* _Supplied information_
-*-

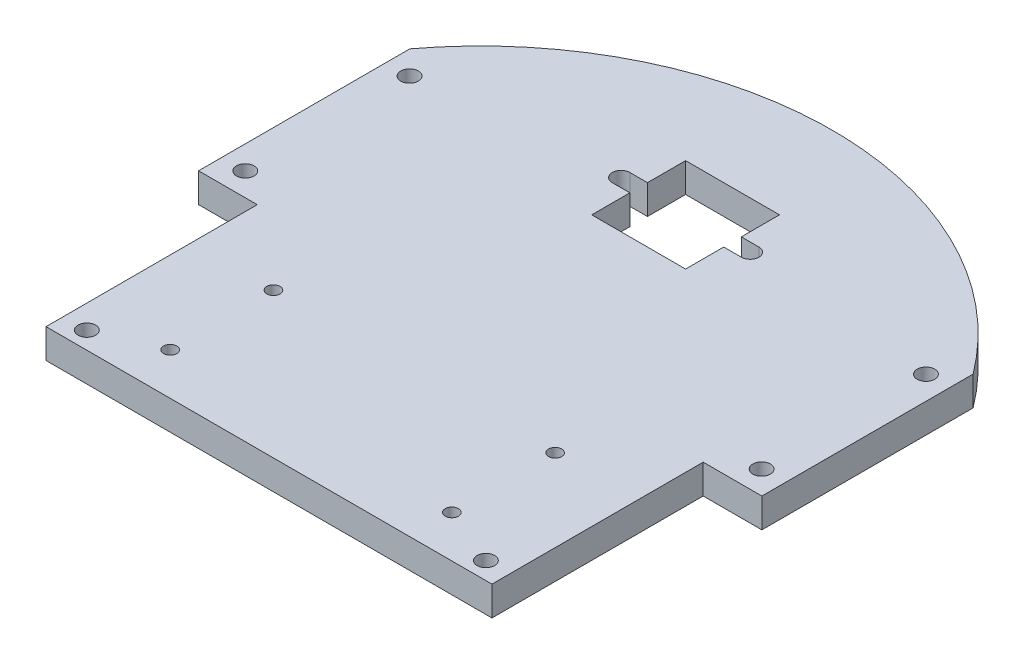
ISO-10303-21;
HEADER;
FILE_DESCRIPTION(('STEP AP214'),'2;1');
FILE_NAME('part.step','',(''),(''),'','','');
FILE_SCHEMA(('AUTOMOTIVE_DESIGN { 1 0 10303 214 1 1 1 1 }'));
ENDSEC;
DATA;
#1=APPLICATION_CONTEXT('core data for automotive mechanical design processes');
#2=APPLICATION_PROTOCOL_DEFINITION('international standard','automotive_design',2000,#1);
#3=PRODUCT_CONTEXT('',#1,'mechanical');
#4=PRODUCT('Part','Part','',(#3));
#5=PRODUCT_RELATED_PRODUCT_CATEGORY('part','',(#4));
#6=PRODUCT_DEFINITION_FORMATION('','',#4);
#7=PRODUCT_DEFINITION_CONTEXT('part definition',#1,'design');
#8=PRODUCT_DEFINITION('design','',#6,#7);
#9=PRODUCT_DEFINITION_SHAPE('','',#8);
#10=(LENGTH_UNIT() NAMED_UNIT(*) SI_UNIT(.MILLI.,.METRE.));
#11=(NAMED_UNIT(*) PLANE_ANGLE_UNIT() SI_UNIT($,.RADIAN.));
#12=(NAMED_UNIT(*) SI_UNIT($,.STERADIAN.) SOLID_ANGLE_UNIT());
#13=UNCERTAINTY_MEASURE_WITH_UNIT(LENGTH_MEASURE(1.E-05),#10,'distance_accuracy_value','');
#14=(GEOMETRIC_REPRESENTATION_CONTEXT(3) GLOBAL_UNCERTAINTY_ASSIGNED_CONTEXT((#13)) GLOBAL_UNIT_ASSIGNED_CONTEXT((#10,
#11,#12)) REPRESENTATION_CONTEXT('',''));
#15=CARTESIAN_POINT('',(0.,0.,0.));
#16=DIRECTION('',(0.,0.,1.));
#17=DIRECTION('',(1.,0.,0.));
#18=AXIS2_PLACEMENT_3D('',#15,#16,#17);
#19=CARTESIAN_POINT('',(0.,5.,15.));
#20=DIRECTION('',(0.,-1.,0.));
#21=DIRECTION('',(0.,0.,-1.));
#22=AXIS2_PLACEMENT_3D('',#19,#20,#21);
#23=PLANE('',#22);
#24=CARTESIAN_POINT('',(24.,5.,43.84));
#25=DIRECTION('',(0.,1.,0.));
#26=DIRECTION('',(0.,0.,1.));
#27=AXIS2_PLACEMENT_3D('',#24,#25,#26);
#28=CIRCLE('',#27,1.125);
#29=CARTESIAN_POINT('',(24.,5.,44.965));
#30=VERTEX_POINT('',#29);
#31=EDGE_CURVE('E263',#30,#30,#28,.T.);
#32=ORIENTED_EDGE('',*,*,#31,.F.);
#33=EDGE_LOOP('',(#32));
#34=FACE_BOUND('',#33,.T.);
#35=CARTESIAN_POINT('',(24.,5.,26.24));
#36=DIRECTION('',(0.,1.,0.));
#37=DIRECTION('',(0.,0.,1.));
#38=AXIS2_PLACEMENT_3D('',#35,#36,#37);
#39=CIRCLE('',#38,1.125);
#40=CARTESIAN_POINT('',(24.,5.,27.365));
#41=VERTEX_POINT('',#40);
#42=EDGE_CURVE('E269',#41,#41,#39,.T.);
#43=ORIENTED_EDGE('',*,*,#42,.F.);
#44=EDGE_LOOP('',(#43));
#45=FACE_BOUND('',#44,.T.);
#46=CARTESIAN_POINT('',(-24.,5.,43.84));
#47=DIRECTION('',(0.,1.,0.));
#48=DIRECTION('',(0.,0.,1.));
#49=AXIS2_PLACEMENT_3D('',#46,#47,#48);
#50=CIRCLE('',#49,1.125);
#51=CARTESIAN_POINT('',(-24.,5.,44.965));
#52=VERTEX_POINT('',#51);
#53=EDGE_CURVE('E275',#52,#52,#50,.T.);
#54=ORIENTED_EDGE('',*,*,#53,.F.);
#55=EDGE_LOOP('',(#54));
#56=FACE_BOUND('',#55,.T.);
#57=CARTESIAN_POINT('',(-24.,5.,26.24));
#58=DIRECTION('',(0.,1.,0.));
#59=DIRECTION('',(0.,0.,1.));
#60=AXIS2_PLACEMENT_3D('',#57,#58,#59);
#61=CIRCLE('',#60,1.125);
#62=CARTESIAN_POINT('',(-24.,5.,27.365));
#63=VERTEX_POINT('',#62);
#64=EDGE_CURVE('E281',#63,#63,#61,.T.);
#65=ORIENTED_EDGE('',*,*,#64,.F.);
#66=EDGE_LOOP('',(#65));
#67=FACE_BOUND('',#66,.T.);
#68=CARTESIAN_POINT('',(44.,5.,11.04));
#69=DIRECTION('',(0.,1.,0.));
#70=DIRECTION('',(0.,0.,1.));
#71=AXIS2_PLACEMENT_3D('',#68,#69,#70);
#72=CIRCLE('',#71,1.5);
#73=CARTESIAN_POINT('',(44.,5.,12.5400000000001));
#74=VERTEX_POINT('',#73);
#75=EDGE_CURVE('E287',#74,#74,#72,.T.);
#76=ORIENTED_EDGE('',*,*,#75,.F.);
#77=EDGE_LOOP('',(#76));
#78=FACE_BOUND('',#77,.T.);
#79=CARTESIAN_POINT('',(44.,5.,-16.96));
#80=DIRECTION('',(0.,1.,0.));
#81=DIRECTION('',(0.,0.,1.));
#82=AXIS2_PLACEMENT_3D('',#79,#80,#81);
#83=CIRCLE('',#82,1.5);
#84=CARTESIAN_POINT('',(44.,5.,-15.4599999999999));
#85=VERTEX_POINT('',#84);
#86=EDGE_CURVE('E293',#85,#85,#83,.T.);
#87=ORIENTED_EDGE('',*,*,#86,.F.);
#88=EDGE_LOOP('',(#87));
#89=FACE_BOUND('',#88,.T.);
#90=CARTESIAN_POINT('',(-44.,5.,-16.96));
#91=DIRECTION('',(0.,1.,0.));
#92=DIRECTION('',(0.,0.,1.));
#93=AXIS2_PLACEMENT_3D('',#90,#91,#92);
#94=CIRCLE('',#93,1.5);
#95=CARTESIAN_POINT('',(-44.,5.,-15.46));
#96=VERTEX_POINT('',#95);
#97=EDGE_CURVE('E299',#96,#96,#94,.T.);
#98=ORIENTED_EDGE('',*,*,#97,.F.);
#99=EDGE_LOOP('',(#98));
#100=FACE_BOUND('',#99,.T.);
#101=CARTESIAN_POINT('',(-44.,5.,11.04));
#102=DIRECTION('',(0.,1.,0.));
#103=DIRECTION('',(0.,0.,1.));
#104=AXIS2_PLACEMENT_3D('',#101,#102,#103);
#105=CIRCLE('',#104,1.5);
#106=CARTESIAN_POINT('',(-44.,5.,12.54));
#107=VERTEX_POINT('',#106);
#108=EDGE_CURVE('E305',#107,#107,#105,.T.);
#109=ORIENTED_EDGE('',*,*,#108,.F.);
#110=EDGE_LOOP('',(#109));
#111=FACE_BOUND('',#110,.T.);
#112=CARTESIAN_POINT('',(-34.,5.,48.04));
#113=DIRECTION('',(0.,1.,0.));
#114=DIRECTION('',(0.,0.,1.));
#115=AXIS2_PLACEMENT_3D('',#112,#113,#114);
#116=CIRCLE('',#115,1.5);
#117=CARTESIAN_POINT('',(-34.,5.,49.54));
#118=VERTEX_POINT('',#117);
#119=EDGE_CURVE('E311',#118,#118,#116,.T.);
#120=ORIENTED_EDGE('',*,*,#119,.F.);
#121=EDGE_LOOP('',(#120));
#122=FACE_BOUND('',#121,.T.);
#123=CARTESIAN_POINT('',(34.,5.,48.04));
#124=DIRECTION('',(0.,1.,0.));
#125=DIRECTION('',(0.,0.,1.));
#126=AXIS2_PLACEMENT_3D('',#123,#124,#125);
#127=CIRCLE('',#126,1.5);
#128=CARTESIAN_POINT('',(34.,5.,49.54));
#129=VERTEX_POINT('',#128);
#130=EDGE_CURVE('E317',#129,#129,#127,.T.);
#131=ORIENTED_EDGE('',*,*,#130,.F.);
#132=EDGE_LOOP('',(#131));
#133=FACE_BOUND('',#132,.T.);
#134=DIRECTION('',(0.,0.,1.));
#135=VECTOR('',#134,1.);
#136=CARTESIAN_POINT('',(-38.,5.,51.));
#137=LINE('',#136,#135);
#138=CARTESIAN_POINT('',(-38.,5.,15.));
#139=VERTEX_POINT('',#138);
#140=CARTESIAN_POINT('',(-38.,5.,51.));
#141=VERTEX_POINT('',#140);
#142=EDGE_CURVE('E323',#139,#141,#137,.T.);
#143=ORIENTED_EDGE('',*,*,#142,.T.);
#144=DIRECTION('',(1.,0.,0.));
#145=VECTOR('',#144,1.);
#146=CARTESIAN_POINT('',(-38.,5.,51.));
#147=LINE('',#146,#145);
#148=CARTESIAN_POINT('',(38.,5.,51.));
#149=VERTEX_POINT('',#148);
#150=EDGE_CURVE('E326',#141,#149,#147,.T.);
#151=ORIENTED_EDGE('',*,*,#150,.T.);
#152=DIRECTION('',(0.,0.,-1.));
#153=VECTOR('',#152,1.);
#154=CARTESIAN_POINT('',(38.,5.,51.));
#155=LINE('',#154,#153);
#156=CARTESIAN_POINT('',(38.,5.,15.));
#157=VERTEX_POINT('',#156);
#158=EDGE_CURVE('E329',#149,#157,#155,.T.);
#159=ORIENTED_EDGE('',*,*,#158,.T.);
#160=DIRECTION('',(1.,0.,0.));
#161=VECTOR('',#160,1.);
#162=CARTESIAN_POINT('',(38.,5.,15.));
#163=LINE('',#162,#161);
#164=CARTESIAN_POINT('',(48.,5.,15.));
#165=VERTEX_POINT('',#164);
#166=EDGE_CURVE('E331',#157,#165,#163,.T.);
#167=ORIENTED_EDGE('',*,*,#166,.T.);
#168=DIRECTION('',(0.,0.,-1.));
#169=VECTOR('',#168,1.);
#170=CARTESIAN_POINT('',(48.,5.,15.));
#171=LINE('',#170,#169);
#172=CARTESIAN_POINT('',(48.,5.,-21.));
#173=VERTEX_POINT('',#172);
#174=EDGE_CURVE('E333',#165,#173,#171,.T.);
#175=ORIENTED_EDGE('',*,*,#174,.T.);
#176=CARTESIAN_POINT('',(0.,5.,15.));
#177=DIRECTION('',(0.,1.,0.));
#178=DIRECTION('',(0.,0.,-1.));
#179=AXIS2_PLACEMENT_3D('',#176,#177,#178);
#180=CIRCLE('',#179,60.);
#181=CARTESIAN_POINT('',(-48.,5.,-20.9999999999999));
#182=VERTEX_POINT('',#181);
#183=EDGE_CURVE('E335',#173,#182,#180,.T.);
#184=ORIENTED_EDGE('',*,*,#183,.T.);
#185=DIRECTION('',(0.,0.,1.));
#186=VECTOR('',#185,1.);
#187=CARTESIAN_POINT('',(-48.,5.,15.));
#188=LINE('',#187,#186);
#189=CARTESIAN_POINT('',(-48.,5.,15.));
#190=VERTEX_POINT('',#189);
#191=EDGE_CURVE('E337',#182,#190,#188,.T.);
#192=ORIENTED_EDGE('',*,*,#191,.T.);
#193=DIRECTION('',(1.,0.,0.));
#194=VECTOR('',#193,1.);
#195=CARTESIAN_POINT('',(-38.,5.,15.));
#196=LINE('',#195,#194);
#197=EDGE_CURVE('E339',#190,#139,#196,.T.);
#198=ORIENTED_EDGE('',*,*,#197,.T.);
#199=EDGE_LOOP('',(#143,#151,#159,#167,#175,#184,#192,#198));
#200=FACE_BOUND('',#199,.T.);
#201=DIRECTION('',(0.,0.,1.));
#202=VECTOR('',#201,1.);
#203=CARTESIAN_POINT('',(-7.99999999999999,5.,-28.));
#204=LINE('',#203,#202);
#205=CARTESIAN_POINT('',(-7.99999999999999,5.,-28.));
#206=VERTEX_POINT('',#205);
#207=CARTESIAN_POINT('',(-7.99999999999999,5.,-21.5));
#208=VERTEX_POINT('',#207);
#209=EDGE_CURVE('E170',#206,#208,#204,.T.);
#210=ORIENTED_EDGE('',*,*,#209,.F.);
#211=DIRECTION('',(-1.,0.,0.));
#212=VECTOR('',#211,1.);
#213=CARTESIAN_POINT('',(-7.99999999999999,5.,-28.));
#214=LINE('',#213,#212);
#215=CARTESIAN_POINT('',(8.00000000000001,5.,-28.));
#216=VERTEX_POINT('',#215);
#217=EDGE_CURVE('E211',#216,#206,#214,.T.);
#218=ORIENTED_EDGE('',*,*,#217,.F.);
#219=DIRECTION('',(0.,0.,-1.));
#220=VECTOR('',#219,1.);
#221=CARTESIAN_POINT('',(8.00000000000001,5.,-28.));
#222=LINE('',#221,#220);
#223=CARTESIAN_POINT('',(8.00000000000001,5.,-21.5));
#224=VERTEX_POINT('',#223);
#225=EDGE_CURVE('E209',#224,#216,#222,.T.);
#226=ORIENTED_EDGE('',*,*,#225,.F.);
#227=DIRECTION('',(-1.,0.,0.));
#228=VECTOR('',#227,1.);
#229=CARTESIAN_POINT('',(8.00000000000001,5.,-21.5));
#230=LINE('',#229,#228);
#231=CARTESIAN_POINT('',(11.,5.,-21.5));
#232=VERTEX_POINT('',#231);
#233=EDGE_CURVE('E207',#232,#224,#230,.T.);
#234=ORIENTED_EDGE('',*,*,#233,.F.);
#235=CARTESIAN_POINT('',(11.,5.,-20.));
#236=DIRECTION('',(0.,1.,0.));
#237=DIRECTION('',(0.,0.,-1.));
#238=AXIS2_PLACEMENT_3D('',#235,#236,#237);
#239=CIRCLE('',#238,1.5);
#240=CARTESIAN_POINT('',(11.,5.,-18.5));
#241=VERTEX_POINT('',#240);
#242=EDGE_CURVE('E205',#241,#232,#239,.T.);
#243=ORIENTED_EDGE('',*,*,#242,.F.);
#244=DIRECTION('',(1.,0.,0.));
#245=VECTOR('',#244,1.);
#246=CARTESIAN_POINT('',(11.,5.,-18.5));
#247=LINE('',#246,#245);
#248=CARTESIAN_POINT('',(8.00000000000001,5.,-18.5));
#249=VERTEX_POINT('',#248);
#250=EDGE_CURVE('E203',#249,#241,#247,.T.);
#251=ORIENTED_EDGE('',*,*,#250,.F.);
#252=DIRECTION('',(0.,0.,-1.));
#253=VECTOR('',#252,1.);
#254=CARTESIAN_POINT('',(8.00000000000001,5.,-18.5));
#255=LINE('',#254,#253);
#256=CARTESIAN_POINT('',(8.00000000000001,5.,-12.));
#257=VERTEX_POINT('',#256);
#258=EDGE_CURVE('E201',#257,#249,#255,.T.);
#259=ORIENTED_EDGE('',*,*,#258,.F.);
#260=DIRECTION('',(1.,0.,0.));
#261=VECTOR('',#260,1.);
#262=CARTESIAN_POINT('',(8.00000000000001,5.,-12.));
#263=LINE('',#262,#261);
#264=CARTESIAN_POINT('',(-7.99999999999999,5.,-12.));
#265=VERTEX_POINT('',#264);
#266=EDGE_CURVE('E199',#265,#257,#263,.T.);
#267=ORIENTED_EDGE('',*,*,#266,.F.);
#268=DIRECTION('',(0.,0.,1.));
#269=VECTOR('',#268,1.);
#270=CARTESIAN_POINT('',(-7.99999999999999,5.,-12.));
#271=LINE('',#270,#269);
#272=CARTESIAN_POINT('',(-7.99999999999999,5.,-18.5));
#273=VERTEX_POINT('',#272);
#274=EDGE_CURVE('E197',#273,#265,#271,.T.);
#275=ORIENTED_EDGE('',*,*,#274,.F.);
#276=DIRECTION('',(1.,0.,0.));
#277=VECTOR('',#276,1.);
#278=CARTESIAN_POINT('',(-7.99999999999999,5.,-18.5));
#279=LINE('',#278,#277);
#280=CARTESIAN_POINT('',(-11.,5.,-18.5));
#281=VERTEX_POINT('',#280);
#282=EDGE_CURVE('E193',#281,#273,#279,.T.);
#283=ORIENTED_EDGE('',*,*,#282,.F.);
#284=CARTESIAN_POINT('',(-11.,5.,-20.));
#285=DIRECTION('',(0.,1.,0.));
#286=DIRECTION('',(0.,0.,1.));
#287=AXIS2_PLACEMENT_3D('',#284,#285,#286);
#288=CIRCLE('',#287,1.5);
#289=CARTESIAN_POINT('',(-11.,5.,-21.5));
#290=VERTEX_POINT('',#289);
#291=EDGE_CURVE('E191',#290,#281,#288,.T.);
#292=ORIENTED_EDGE('',*,*,#291,.F.);
#293=DIRECTION('',(-1.,0.,0.));
#294=VECTOR('',#293,1.);
#295=CARTESIAN_POINT('',(-7.99999999999999,5.,-21.5));
#296=LINE('',#295,#294);
#297=EDGE_CURVE('E178',#208,#290,#296,.T.);
#298=ORIENTED_EDGE('',*,*,#297,.F.);
#299=EDGE_LOOP('',(#210,#218,#226,#234,#243,#251,#259,#267,#275,#283,#292,#298));
#300=FACE_BOUND('',#299,.T.);
#301=ADVANCED_FACE('F33',(#34,#45,#56,#67,#78,#89,#100,#111,#122,#133,#200,#300),#23,.F.);
#302=CARTESIAN_POINT('',(0.,0.,15.));
#303=DIRECTION('',(0.,-1.,0.));
#304=DIRECTION('',(0.,0.,-1.));
#305=AXIS2_PLACEMENT_3D('',#302,#303,#304);
#306=PLANE('',#305);
#307=CARTESIAN_POINT('',(24.,0.,26.24));
#308=DIRECTION('',(0.,1.,0.));
#309=DIRECTION('',(0.,0.,1.));
#310=AXIS2_PLACEMENT_3D('',#307,#308,#309);
#311=CIRCLE('',#310,1.125);
#312=CARTESIAN_POINT('',(24.,0.,27.365));
#313=VERTEX_POINT('',#312);
#314=EDGE_CURVE('E266',#313,#313,#311,.T.);
#315=ORIENTED_EDGE('',*,*,#314,.T.);
#316=EDGE_LOOP('',(#315));
#317=FACE_BOUND('',#316,.T.);
#318=CARTESIAN_POINT('',(-24.,0.,26.24));
#319=DIRECTION('',(0.,1.,0.));
#320=DIRECTION('',(0.,0.,1.));
#321=AXIS2_PLACEMENT_3D('',#318,#319,#320);
#322=CIRCLE('',#321,1.125);
#323=CARTESIAN_POINT('',(-24.,0.,27.365));
#324=VERTEX_POINT('',#323);
#325=EDGE_CURVE('E278',#324,#324,#322,.T.);
#326=ORIENTED_EDGE('',*,*,#325,.T.);
#327=EDGE_LOOP('',(#326));
#328=FACE_BOUND('',#327,.T.);
#329=CARTESIAN_POINT('',(44.,0.,-16.96));
#330=DIRECTION('',(0.,1.,0.));
#331=DIRECTION('',(0.,0.,1.));
#332=AXIS2_PLACEMENT_3D('',#329,#330,#331);
#333=CIRCLE('',#332,1.5);
#334=CARTESIAN_POINT('',(44.,0.,-15.4599999999999));
#335=VERTEX_POINT('',#334);
#336=EDGE_CURVE('E290',#335,#335,#333,.T.);
#337=ORIENTED_EDGE('',*,*,#336,.T.);
#338=EDGE_LOOP('',(#337));
#339=FACE_BOUND('',#338,.T.);
#340=CARTESIAN_POINT('',(-44.,0.,11.04));
#341=DIRECTION('',(0.,1.,0.));
#342=DIRECTION('',(0.,0.,1.));
#343=AXIS2_PLACEMENT_3D('',#340,#341,#342);
#344=CIRCLE('',#343,1.5);
#345=CARTESIAN_POINT('',(-44.,0.,12.54));
#346=VERTEX_POINT('',#345);
#347=EDGE_CURVE('E302',#346,#346,#344,.T.);
#348=ORIENTED_EDGE('',*,*,#347,.T.);
#349=EDGE_LOOP('',(#348));
#350=FACE_BOUND('',#349,.T.);
#351=CARTESIAN_POINT('',(34.,0.,48.04));
#352=DIRECTION('',(0.,1.,0.));
#353=DIRECTION('',(0.,0.,1.));
#354=AXIS2_PLACEMENT_3D('',#351,#352,#353);
#355=CIRCLE('',#354,1.5);
#356=CARTESIAN_POINT('',(34.,0.,49.54));
#357=VERTEX_POINT('',#356);
#358=EDGE_CURVE('E314',#357,#357,#355,.T.);
#359=ORIENTED_EDGE('',*,*,#358,.T.);
#360=EDGE_LOOP('',(#359));
#361=FACE_BOUND('',#360,.T.);
#362=DIRECTION('',(0.,0.,1.));
#363=VECTOR('',#362,1.);
#364=CARTESIAN_POINT('',(-38.,0.,51.));
#365=LINE('',#364,#363);
#366=CARTESIAN_POINT('',(-38.,0.,15.));
#367=VERTEX_POINT('',#366);
#368=CARTESIAN_POINT('',(-38.,0.,51.));
#369=VERTEX_POINT('',#368);
#370=EDGE_CURVE('E320',#367,#369,#365,.T.);
#371=ORIENTED_EDGE('',*,*,#370,.F.);
#372=DIRECTION('',(1.,0.,0.));
#373=VECTOR('',#372,1.);
#374=CARTESIAN_POINT('',(-38.,0.,15.));
#375=LINE('',#374,#373);
#376=CARTESIAN_POINT('',(-48.,0.,15.));
#377=VERTEX_POINT('',#376);
#378=EDGE_CURVE('E327',#377,#367,#375,.T.);
#379=ORIENTED_EDGE('',*,*,#378,.F.);
#380=DIRECTION('',(0.,0.,1.));
#381=VECTOR('',#380,1.);
#382=CARTESIAN_POINT('',(-48.,0.,15.));
#383=LINE('',#382,#381);
#384=CARTESIAN_POINT('',(-48.,0.,-20.9999999999999));
#385=VERTEX_POINT('',#384);
#386=EDGE_CURVE('E354',#385,#377,#383,.T.);
#387=ORIENTED_EDGE('',*,*,#386,.F.);
#388=CARTESIAN_POINT('',(0.,0.,15.));
#389=DIRECTION('',(0.,1.,0.));
#390=DIRECTION('',(0.,0.,-1.));
#391=AXIS2_PLACEMENT_3D('',#388,#389,#390);
#392=CIRCLE('',#391,60.);
#393=CARTESIAN_POINT('',(48.,0.,-21.));
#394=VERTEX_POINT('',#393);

-*-

* _Assignment_
In the entries above, one line contains "#344=CIRCLE('',#343,1.5);" and another contains "#389=DIRECTION('',(0.,1.,0.));". Reproduce exactly those two lines and the lines between them, nothing else.

* _Response to the task_
#344=CIRCLE('',#343,1.5);
#345=CARTESIAN_POINT('',(-44.,0.,12.54));
#346=VERTEX_POINT('',#345);
#347=EDGE_CURVE('E302',#346,#346,#344,.T.);
#348=ORIENTED_EDGE('',*,*,#347,.T.);
#349=EDGE_LOOP('',(#348));
#350=FACE_BOUND('',#349,.T.);
#351=CARTESIAN_POINT('',(34.,0.,48.04));
#352=DIRECTION('',(0.,1.,0.));
#353=DIRECTION('',(0.,0.,1.));
#354=AXIS2_PLACEMENT_3D('',#351,#352,#353);
#355=CIRCLE('',#354,1.5);
#356=CARTESIAN_POINT('',(34.,0.,49.54));
#357=VERTEX_POINT('',#356);
#358=EDGE_CURVE('E314',#357,#357,#355,.T.);
#359=ORIENTED_EDGE('',*,*,#358,.T.);
#360=EDGE_LOOP('',(#359));
#361=FACE_BOUND('',#360,.T.);
#362=DIRECTION('',(0.,0.,1.));
#363=VECTOR('',#362,1.);
#364=CARTESIAN_POINT('',(-38.,0.,51.));
#365=LINE('',#364,#363);
#366=CARTESIAN_POINT('',(-38.,0.,15.));
#367=VERTEX_POINT('',#366);
#368=CARTESIAN_POINT('',(-38.,0.,51.));
#369=VERTEX_POINT('',#368);
#370=EDGE_CURVE('E320',#367,#369,#365,.T.);
#371=ORIENTED_EDGE('',*,*,#370,.F.);
#372=DIRECTION('',(1.,0.,0.));
#373=VECTOR('',#372,1.);
#374=CARTESIAN_POINT('',(-38.,0.,15.));
#375=LINE('',#374,#373);
#376=CARTESIAN_POINT('',(-48.,0.,15.));
#377=VERTEX_POINT('',#376);
#378=EDGE_CURVE('E327',#377,#367,#375,.T.);
#379=ORIENTED_EDGE('',*,*,#378,.F.);
#380=DIRECTION('',(0.,0.,1.));
#381=VECTOR('',#380,1.);
#382=CARTESIAN_POINT('',(-48.,0.,15.));
#383=LINE('',#382,#381);
#384=CARTESIAN_POINT('',(-48.,0.,-20.9999999999999));
#385=VERTEX_POINT('',#384);
#386=EDGE_CURVE('E354',#385,#377,#383,.T.);
#387=ORIENTED_EDGE('',*,*,#386,.F.);
#388=CARTESIAN_POINT('',(0.,0.,15.));
#389=DIRECTION('',(0.,1.,0.));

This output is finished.